### Instructions for the task
Report the number of lines below in which the word "Commit" occurs. Nothing else is needed.

### Records to use
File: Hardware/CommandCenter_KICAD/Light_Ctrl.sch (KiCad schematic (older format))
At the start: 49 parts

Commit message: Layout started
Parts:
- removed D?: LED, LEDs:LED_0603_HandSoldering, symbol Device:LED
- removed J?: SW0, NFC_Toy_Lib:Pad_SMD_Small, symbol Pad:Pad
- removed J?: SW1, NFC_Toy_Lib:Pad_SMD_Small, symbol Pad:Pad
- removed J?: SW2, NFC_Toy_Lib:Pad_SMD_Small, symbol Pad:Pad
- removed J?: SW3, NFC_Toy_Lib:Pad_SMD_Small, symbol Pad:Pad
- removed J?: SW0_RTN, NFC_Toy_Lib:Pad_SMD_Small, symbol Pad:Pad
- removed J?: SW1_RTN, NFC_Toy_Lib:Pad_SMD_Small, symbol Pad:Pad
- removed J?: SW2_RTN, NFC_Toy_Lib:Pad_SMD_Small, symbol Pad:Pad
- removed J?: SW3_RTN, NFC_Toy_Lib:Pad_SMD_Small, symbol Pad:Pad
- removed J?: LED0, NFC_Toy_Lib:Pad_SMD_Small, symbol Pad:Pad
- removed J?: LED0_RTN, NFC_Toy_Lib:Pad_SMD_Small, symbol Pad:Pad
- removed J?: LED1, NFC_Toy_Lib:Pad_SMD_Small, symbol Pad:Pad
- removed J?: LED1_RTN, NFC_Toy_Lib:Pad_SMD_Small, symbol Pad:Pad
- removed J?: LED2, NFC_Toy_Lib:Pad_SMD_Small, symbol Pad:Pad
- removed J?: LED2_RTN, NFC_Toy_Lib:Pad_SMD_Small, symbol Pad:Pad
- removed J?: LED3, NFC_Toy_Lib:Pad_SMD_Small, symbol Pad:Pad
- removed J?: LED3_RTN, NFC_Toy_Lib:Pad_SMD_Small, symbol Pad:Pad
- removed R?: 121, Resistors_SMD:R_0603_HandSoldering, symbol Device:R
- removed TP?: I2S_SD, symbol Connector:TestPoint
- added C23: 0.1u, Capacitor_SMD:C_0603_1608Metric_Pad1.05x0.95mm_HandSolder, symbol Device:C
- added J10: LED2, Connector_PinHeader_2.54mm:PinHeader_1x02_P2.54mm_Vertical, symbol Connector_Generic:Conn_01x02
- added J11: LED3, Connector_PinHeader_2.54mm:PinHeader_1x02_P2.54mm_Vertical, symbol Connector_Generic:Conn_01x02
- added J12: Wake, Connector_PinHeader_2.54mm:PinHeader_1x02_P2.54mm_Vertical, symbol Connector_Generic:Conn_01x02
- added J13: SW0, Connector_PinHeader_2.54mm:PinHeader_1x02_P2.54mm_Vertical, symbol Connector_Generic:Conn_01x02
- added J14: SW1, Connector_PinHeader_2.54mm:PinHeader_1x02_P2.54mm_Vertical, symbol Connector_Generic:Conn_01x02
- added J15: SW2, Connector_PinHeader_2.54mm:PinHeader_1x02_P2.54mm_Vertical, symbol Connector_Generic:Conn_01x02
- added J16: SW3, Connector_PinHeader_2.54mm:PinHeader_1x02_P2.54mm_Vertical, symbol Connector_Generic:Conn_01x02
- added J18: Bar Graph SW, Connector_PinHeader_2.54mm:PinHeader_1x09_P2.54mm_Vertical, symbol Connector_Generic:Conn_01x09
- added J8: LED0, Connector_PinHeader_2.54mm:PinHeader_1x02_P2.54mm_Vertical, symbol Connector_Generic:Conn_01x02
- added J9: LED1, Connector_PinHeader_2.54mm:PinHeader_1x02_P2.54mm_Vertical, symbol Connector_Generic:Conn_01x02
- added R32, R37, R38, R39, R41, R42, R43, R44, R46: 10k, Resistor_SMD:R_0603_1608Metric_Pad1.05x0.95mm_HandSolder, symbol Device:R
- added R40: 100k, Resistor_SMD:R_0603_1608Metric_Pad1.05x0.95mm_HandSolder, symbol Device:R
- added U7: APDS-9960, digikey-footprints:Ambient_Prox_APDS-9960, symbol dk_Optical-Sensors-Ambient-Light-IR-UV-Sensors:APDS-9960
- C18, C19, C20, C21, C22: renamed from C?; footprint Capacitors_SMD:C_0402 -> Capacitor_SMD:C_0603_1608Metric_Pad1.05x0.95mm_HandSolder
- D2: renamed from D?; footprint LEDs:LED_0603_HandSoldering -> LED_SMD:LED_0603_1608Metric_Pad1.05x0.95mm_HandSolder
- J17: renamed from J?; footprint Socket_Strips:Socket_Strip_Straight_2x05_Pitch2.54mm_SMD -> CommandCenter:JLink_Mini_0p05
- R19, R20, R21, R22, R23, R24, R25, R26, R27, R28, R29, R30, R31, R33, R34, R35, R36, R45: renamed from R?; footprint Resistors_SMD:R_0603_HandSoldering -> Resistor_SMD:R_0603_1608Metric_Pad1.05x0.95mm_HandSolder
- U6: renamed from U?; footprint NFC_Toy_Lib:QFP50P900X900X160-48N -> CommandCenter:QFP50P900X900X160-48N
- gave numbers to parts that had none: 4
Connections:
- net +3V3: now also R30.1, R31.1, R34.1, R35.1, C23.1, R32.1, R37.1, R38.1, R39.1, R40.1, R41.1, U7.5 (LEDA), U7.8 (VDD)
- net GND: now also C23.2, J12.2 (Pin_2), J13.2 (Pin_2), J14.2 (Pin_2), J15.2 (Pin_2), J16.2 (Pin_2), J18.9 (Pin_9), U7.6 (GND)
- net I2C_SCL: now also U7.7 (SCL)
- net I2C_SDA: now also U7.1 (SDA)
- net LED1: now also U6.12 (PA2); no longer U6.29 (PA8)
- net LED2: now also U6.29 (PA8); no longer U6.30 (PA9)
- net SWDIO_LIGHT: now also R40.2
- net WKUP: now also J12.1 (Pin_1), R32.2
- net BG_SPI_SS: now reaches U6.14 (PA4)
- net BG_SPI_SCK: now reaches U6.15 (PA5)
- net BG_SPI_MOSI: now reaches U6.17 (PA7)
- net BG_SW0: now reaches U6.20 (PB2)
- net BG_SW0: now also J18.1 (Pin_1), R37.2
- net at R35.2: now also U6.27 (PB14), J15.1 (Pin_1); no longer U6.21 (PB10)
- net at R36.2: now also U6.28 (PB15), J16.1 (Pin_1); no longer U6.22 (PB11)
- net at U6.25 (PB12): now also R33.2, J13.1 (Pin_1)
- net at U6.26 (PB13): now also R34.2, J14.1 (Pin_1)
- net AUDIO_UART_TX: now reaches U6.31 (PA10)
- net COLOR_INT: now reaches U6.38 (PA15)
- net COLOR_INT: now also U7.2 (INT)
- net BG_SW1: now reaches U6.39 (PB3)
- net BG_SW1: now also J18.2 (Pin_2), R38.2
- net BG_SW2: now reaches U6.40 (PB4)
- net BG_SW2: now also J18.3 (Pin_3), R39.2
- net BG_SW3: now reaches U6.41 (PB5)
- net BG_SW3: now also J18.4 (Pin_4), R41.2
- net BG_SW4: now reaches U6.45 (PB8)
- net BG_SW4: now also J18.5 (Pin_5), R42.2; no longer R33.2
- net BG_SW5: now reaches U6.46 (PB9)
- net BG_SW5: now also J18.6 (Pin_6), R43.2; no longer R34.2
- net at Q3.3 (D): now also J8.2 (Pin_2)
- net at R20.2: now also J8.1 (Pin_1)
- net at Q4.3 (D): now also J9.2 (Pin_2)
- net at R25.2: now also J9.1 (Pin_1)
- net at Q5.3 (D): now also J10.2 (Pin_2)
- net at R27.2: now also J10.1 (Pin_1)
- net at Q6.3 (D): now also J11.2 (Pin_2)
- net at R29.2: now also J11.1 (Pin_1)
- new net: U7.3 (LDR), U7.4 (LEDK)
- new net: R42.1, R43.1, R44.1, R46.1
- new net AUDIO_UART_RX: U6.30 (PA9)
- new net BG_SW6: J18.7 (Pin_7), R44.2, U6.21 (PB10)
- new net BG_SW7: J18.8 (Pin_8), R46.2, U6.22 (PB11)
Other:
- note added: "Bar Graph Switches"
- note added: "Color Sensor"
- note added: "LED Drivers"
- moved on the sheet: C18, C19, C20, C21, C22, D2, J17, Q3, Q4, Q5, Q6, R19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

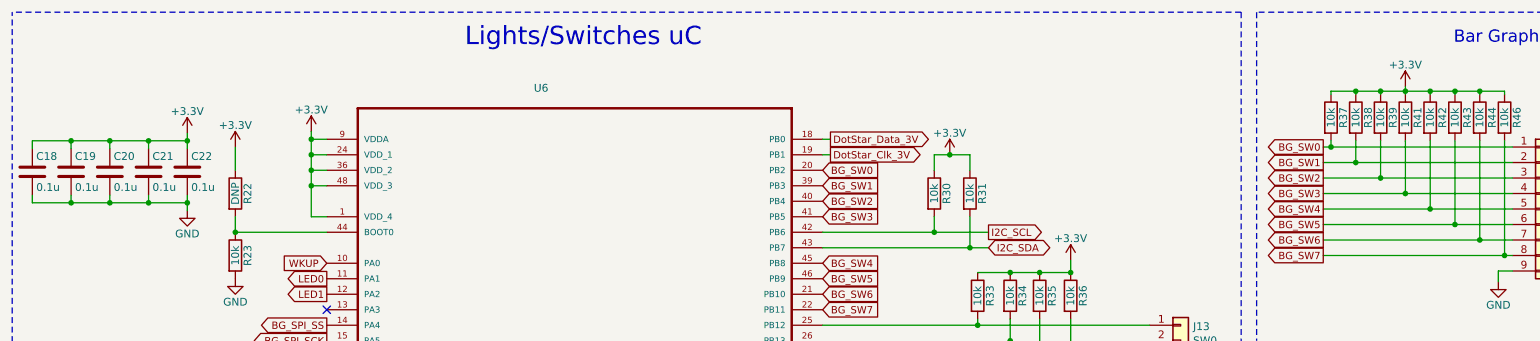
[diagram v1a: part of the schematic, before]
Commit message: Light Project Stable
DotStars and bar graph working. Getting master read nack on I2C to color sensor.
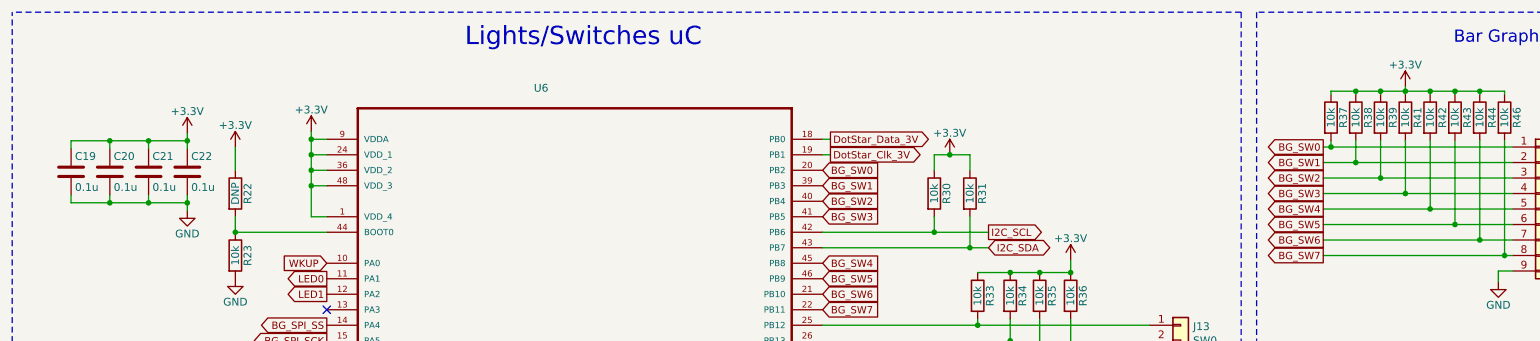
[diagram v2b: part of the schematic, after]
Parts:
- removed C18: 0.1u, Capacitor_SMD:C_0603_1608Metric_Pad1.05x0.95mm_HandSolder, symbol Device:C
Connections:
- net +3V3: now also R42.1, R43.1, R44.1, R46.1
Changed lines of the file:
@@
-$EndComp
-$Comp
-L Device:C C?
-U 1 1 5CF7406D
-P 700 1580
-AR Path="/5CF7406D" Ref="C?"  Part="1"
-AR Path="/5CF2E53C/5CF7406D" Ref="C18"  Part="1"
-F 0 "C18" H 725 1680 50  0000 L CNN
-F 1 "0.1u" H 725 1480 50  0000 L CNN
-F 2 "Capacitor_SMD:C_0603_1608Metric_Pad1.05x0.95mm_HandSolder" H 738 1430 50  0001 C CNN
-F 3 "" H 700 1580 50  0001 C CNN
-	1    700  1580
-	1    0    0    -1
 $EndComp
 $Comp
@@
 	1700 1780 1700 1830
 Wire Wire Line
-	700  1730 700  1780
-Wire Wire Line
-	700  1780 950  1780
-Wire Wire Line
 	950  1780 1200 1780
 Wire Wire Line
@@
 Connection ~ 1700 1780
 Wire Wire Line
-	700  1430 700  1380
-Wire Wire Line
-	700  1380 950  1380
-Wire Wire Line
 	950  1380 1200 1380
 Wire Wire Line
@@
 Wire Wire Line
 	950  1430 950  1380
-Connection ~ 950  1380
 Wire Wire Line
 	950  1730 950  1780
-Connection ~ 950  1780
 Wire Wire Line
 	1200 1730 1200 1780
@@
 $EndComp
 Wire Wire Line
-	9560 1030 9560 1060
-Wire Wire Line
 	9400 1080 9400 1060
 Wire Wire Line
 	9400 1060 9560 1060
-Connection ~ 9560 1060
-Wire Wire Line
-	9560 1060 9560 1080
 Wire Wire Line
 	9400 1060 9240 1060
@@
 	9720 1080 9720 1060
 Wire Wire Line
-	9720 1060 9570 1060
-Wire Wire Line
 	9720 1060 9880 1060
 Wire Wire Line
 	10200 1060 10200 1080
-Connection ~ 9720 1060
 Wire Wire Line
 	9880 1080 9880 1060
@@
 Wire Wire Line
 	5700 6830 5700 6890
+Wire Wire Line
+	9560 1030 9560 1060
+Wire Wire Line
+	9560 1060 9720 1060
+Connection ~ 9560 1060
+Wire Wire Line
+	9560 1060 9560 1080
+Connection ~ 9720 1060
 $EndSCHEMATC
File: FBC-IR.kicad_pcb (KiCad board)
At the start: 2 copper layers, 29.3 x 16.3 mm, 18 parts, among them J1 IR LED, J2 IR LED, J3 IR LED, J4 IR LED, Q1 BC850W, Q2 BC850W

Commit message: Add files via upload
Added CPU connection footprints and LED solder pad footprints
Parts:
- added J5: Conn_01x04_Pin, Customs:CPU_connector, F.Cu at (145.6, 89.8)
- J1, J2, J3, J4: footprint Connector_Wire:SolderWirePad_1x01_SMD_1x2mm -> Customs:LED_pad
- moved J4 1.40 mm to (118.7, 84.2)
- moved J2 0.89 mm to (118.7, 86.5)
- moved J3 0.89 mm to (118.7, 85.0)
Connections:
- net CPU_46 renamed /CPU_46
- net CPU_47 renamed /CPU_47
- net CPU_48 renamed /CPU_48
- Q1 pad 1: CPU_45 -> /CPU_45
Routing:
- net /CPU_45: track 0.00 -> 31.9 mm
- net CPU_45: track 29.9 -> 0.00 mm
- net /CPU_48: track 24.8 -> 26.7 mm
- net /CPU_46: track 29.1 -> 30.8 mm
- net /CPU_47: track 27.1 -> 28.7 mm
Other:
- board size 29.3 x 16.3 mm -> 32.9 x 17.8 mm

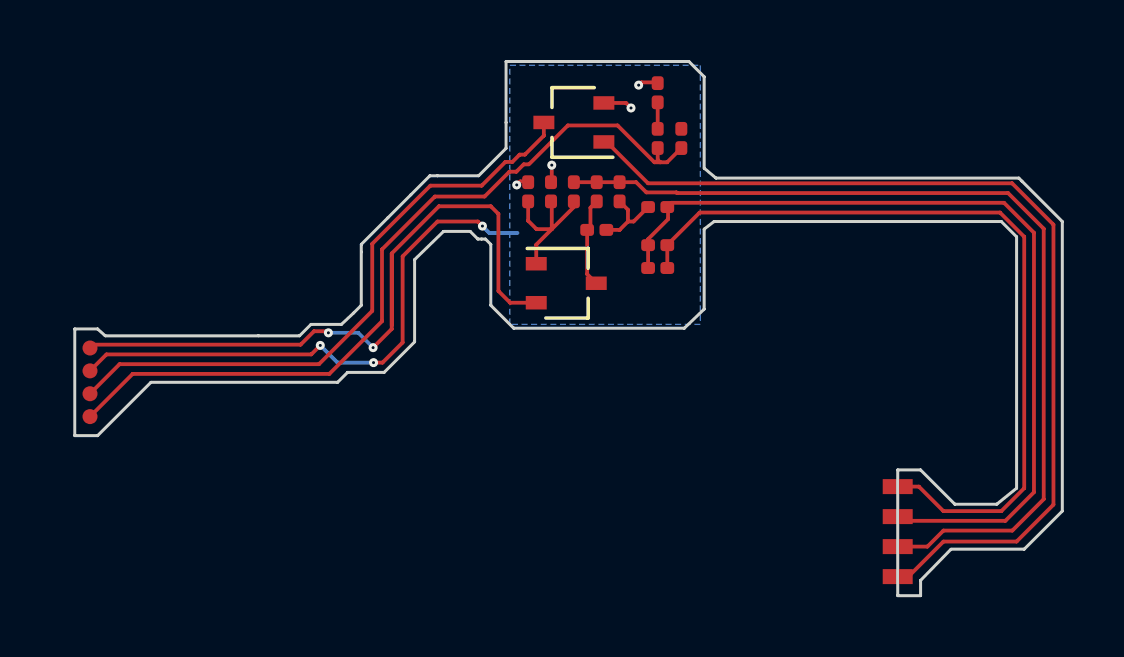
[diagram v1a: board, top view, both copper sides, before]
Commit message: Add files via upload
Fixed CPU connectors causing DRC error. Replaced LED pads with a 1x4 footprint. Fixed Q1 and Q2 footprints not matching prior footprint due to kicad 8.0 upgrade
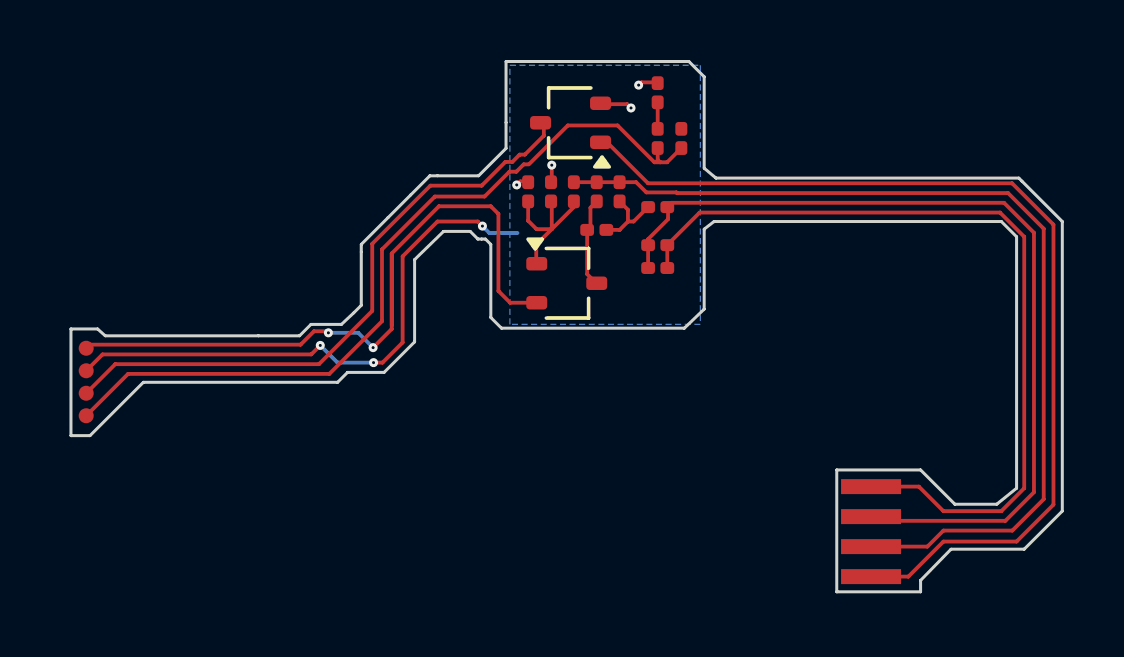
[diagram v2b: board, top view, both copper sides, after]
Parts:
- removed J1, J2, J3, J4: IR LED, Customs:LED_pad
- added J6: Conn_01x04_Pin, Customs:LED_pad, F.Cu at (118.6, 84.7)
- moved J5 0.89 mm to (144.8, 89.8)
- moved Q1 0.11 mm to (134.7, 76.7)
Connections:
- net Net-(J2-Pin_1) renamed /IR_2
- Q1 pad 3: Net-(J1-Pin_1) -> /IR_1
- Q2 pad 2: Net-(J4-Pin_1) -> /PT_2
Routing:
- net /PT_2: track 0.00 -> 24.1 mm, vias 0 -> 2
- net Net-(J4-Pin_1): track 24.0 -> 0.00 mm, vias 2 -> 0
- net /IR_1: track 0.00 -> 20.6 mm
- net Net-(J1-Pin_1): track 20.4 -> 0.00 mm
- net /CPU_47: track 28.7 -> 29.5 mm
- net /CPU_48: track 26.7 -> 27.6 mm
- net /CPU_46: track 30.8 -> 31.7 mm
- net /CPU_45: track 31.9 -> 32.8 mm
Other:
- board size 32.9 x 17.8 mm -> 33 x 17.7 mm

### Response area
4